Wednesday, July 16, 2008



it's eerie that everytime i think of him intensely enough to write it down, it's this time of the year. because it's about this time of the year, three years back i think, that he was lost to us. i still haven't visited him. i've stopped asking about him. but i've thought of him. i've prayed for him. if i'm not mistaken, it's his birthday around this time. he's going to turn 33 i think. but we're waiting for him to turn turn 3 in his head. here's to you S. here's to the empty treadmill next to mine. here's to the mirror in which i sometimes see you running sweating and sighing. here's to the magic in your fingers lost in the reality of today. here's to so many hearts you'd have stolen by now. here's to so many hearts still bleeding for you. here's to my inability to come see you. here's to my inability to stop seeing you.




i'm watching six feet under as i write this. every character is so fucked up. like n says, it's a show that makes you feel it's ok to you know, be.

a character just had an outburst saying, "i hate that i'm the lucky one."

brilliant i think.

Tuesday, July 15, 2008

i don't like it when people badmouth my city. whatever it is, it's mine. i have known no other and the thought of moving out never used to even cross my mind. it was not an option. this was it. but over the years i've decided to buy a house of my own and then given up because i realised that i'm not sure i want to live here all my life. it makes me inexplicably sad. there was a time i never knew what else to do with this city but love it to bits. never knew what else to do but grip the cab doors if they were falling apart. never thought much of it when i had to give up reading while travelling because of the increasingly bumpy rides. never knew there was anything else to do but visit doctors every weekend for the back that's fucked by the roads, for the skin that's fucked by the fumes of the cars that are battling the roads, for the cold that is a constant and annoying companion of the buildings forever under construction. ugly buildings all of them if you ask me. never thought i would have to worry when i had to return home late in the night. never thought i would dread the newspaper after new year's. it makes me look longer at this city's veins and hear harder the heartbeat that carries me to and fro everyday. what if this were my last sight, my last sound byte from here?

perhaps i'm making a mistake.
but that could only mean that i will learn.

Monday, July 14, 2008

some remarkable things i did yesterday and today

stole the sexy salt and pepper shaker from land's end.

discovered that land's end has a copy error in the name.

remembered that shoppers' stop's new logo too has a copy error.

figure them out yourself.

discovered that i've lost 2 kilos.

put my 2 kilo lighter foot down and rescued this weekend from a shoot death.

met an architect.

therefore spent an entire sunday evening talking about things other than advertising.

to be precise, therefore spent an entire sunday evening listening to conversations revolving around current boyfriend's psycho ex girlfriend, the architect's ex roomie.

realised that it's 2 am and i've a brief to crack for tomorrow morning.
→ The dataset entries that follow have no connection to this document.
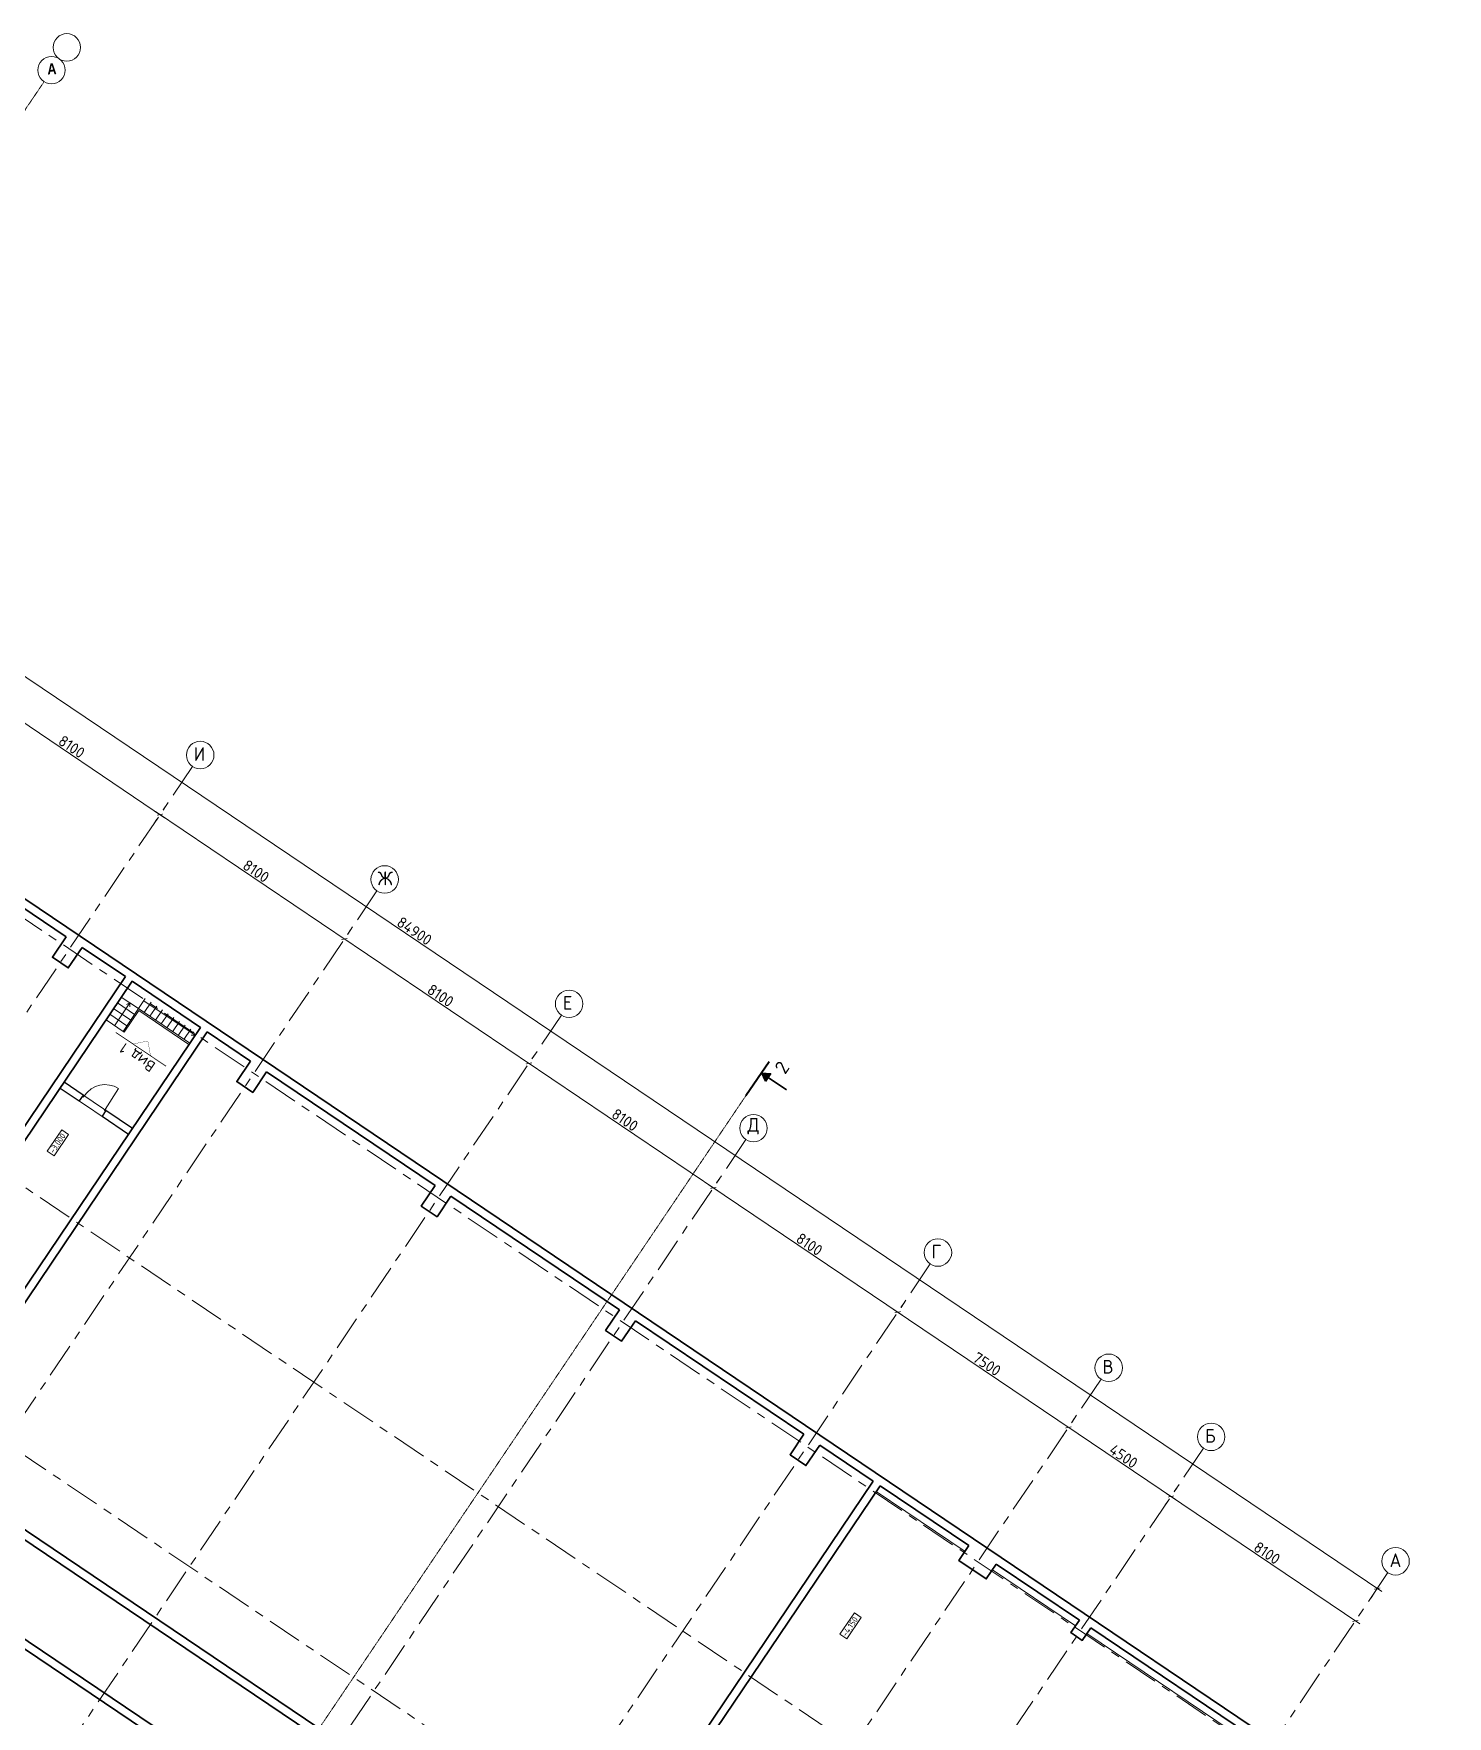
# Model space of a CAD drawing. Header units: millimetres. Extents: x -813692 to 807431, y 0 to 1813163.
# Drawn here: x 95251 to 146726, y 911334 to 972604 of the extents above; entities that cross this region are included whole.
import ezdxf

# ---------------------------------------------------------------- set-up
doc = ezdxf.new("R2010")
doc.units = ezdxf.units.MM
for name, pattern in [('__Линия сетки__ш12_5 п3_0 ш3_0 п3_0_', [21.5, 12.5, -3, 3, -3]), ('KRST_Штрих__ш0_5 п0_5_', [1.0584, 0.5292, -0.5292]), ('Линия сетки', [22.225, 12.7, -3.175, 3.175, -3.175])]:
    doc.linetypes.add(name, pattern=pattern)
for name, color, linetype, lineweight in [('A-ANNO-DIMS', 7, 'Continuous', 9), ('KR_0.35', 252, 'Continuous', 35), ('S-GRID', 252, 'Continuous', 9), ('АР_двери', 252, 'Continuous', 0), ('АР_кирпич250', 252, 'Continuous', 30), ('АР_монолит', 252, 'Continuous', 50), ('АР_Отметка на плане', 252, 'Continuous', 15), ('АР_Площади', 252, 'Continuous', 0), ('АР_тонкая линия', 252, 'Continuous', 5)]:
    doc.layers.add(name, color=color, linetype=linetype, lineweight=lineweight)
doc.layers.add('Ар_разрез секция В', color=252, linetype='Continuous')
doc.styles.add('Arial Narrow_B', font='ARIALNB.TTF', dxfattribs={"height": 1250})
doc.styles.add('GOST 2.304', font='')
doc.styles.add('ISOCPEUR_1', font='isocpeur.ttf', dxfattribs={"height": 200})
doc.styles.get('GOST 2.304').set_extended_font_data('GOST Common')
doc.dimstyles.new('М-200', dxfattribs={"dimtxt": 400, "dimasz": 160, "dimexe": 200, "dimexo": 400, "dimgap": 50, "dimtad": 1, "dimdec": 0, "dimzin": 0, "dimdsep": 46, "dimtxsty": 'GOST 2.304', "dimblk": 'ARCHTICK', "dimcen": 180, "dimdle": 200, "dimadec": 0, "dimazin": 0, "dimtfac": 1, "dimtdec": 0, "dimtmove": 1, "dimatfit": 0, "dimfxl": 1, "dimtolj": 1, "dimtzin": 0, "dimarcsym": 0})

# ---------------------------------------------------------------- blocks, each defined once
blk = doc.blocks.new('КР_подвал')
at = {"layer": 'KR_0.35', "ltscale": 200}
for points in [[(251583, 91527), (307390, 174265), (377983, 126649), (322176, 43911)], [(327658, 160232), (333793, 156094)], [(333793, 156094), (333290, 155348), (333870, 154956), (334374, 155702)], [(334374, 155702), (335949, 154640)], [(335949, 154640), (325464, 139095)], [(336198, 154472), (325545, 138679)], [(336198, 154472), (338685, 152794)], [(338685, 152794), (328032, 137001)], [(338933, 152627), (328449, 137082)], [(338933, 152627), (340509, 151564)], [(340509, 151564), (340005, 150818), (340586, 150427), (341089, 151173)], [(341089, 151173), (347224, 147035)], [(347224, 147035), (346720, 146289), (347301, 145897), (347804, 146643)], [(347804, 146643), (353939, 142505)], [(353939, 142505), (353436, 141759), (354016, 141368), (354519, 142114)], [(354519, 142114), (360654, 137976)], [(360654, 137976), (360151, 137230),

happy birthday to the other t

i was ugly in school. geeky, nerdy, sad glasses on a sad face.
and i had a non-smile because i had horrendous teeth. i was a walking award for the most botched up dental job of the century. if i were my parent i'd have either sued the balls off my daughter's dentist or cut them off. but i wasn't so i spent three crucial years at school smiling with my mouth shut and laughing with a hand on my face.
yet i remember having many friends because i had a guardian angel and a sense of humour. coming to think of it perhaps they were laughing at me and not at my jokes. i would too, if i could see my own teeth.
like everyone else, i had a 'best friend', and her name was also t. t was pretty and she had perfect teeth, white, even and lovely.
t and i were inseparable. we sat together, giggled behind big geography textbooks together, prepared for exams together, gossiped together, heck we even took loo breaks together. we liked the same teachers, we hated the same boys, we bitched about the same girls, we laughed at the same jokes and honestly most of the time we laughed for no reason at all. we laughed so much and at so many things that when we went to college (together of course) our new friends would sigh and leave us alone when we would go into our school mode.
i remember at age 10 we even made plans to elope to gokak falls together and between us made an inventory of 6 skirts and tops that we could smuggle out of our homes. the high point was that i was to stand under her window and make catcalls like huckleberry finn in the adventures of tom sawyer and off we would go and live like nomads for the rest of our lives.
every summer vacation, we would write letters to each other, mad, demented stories of what we were doing or not, through those two months. i still have them stacked up somewhere, yellowing yet sparkling.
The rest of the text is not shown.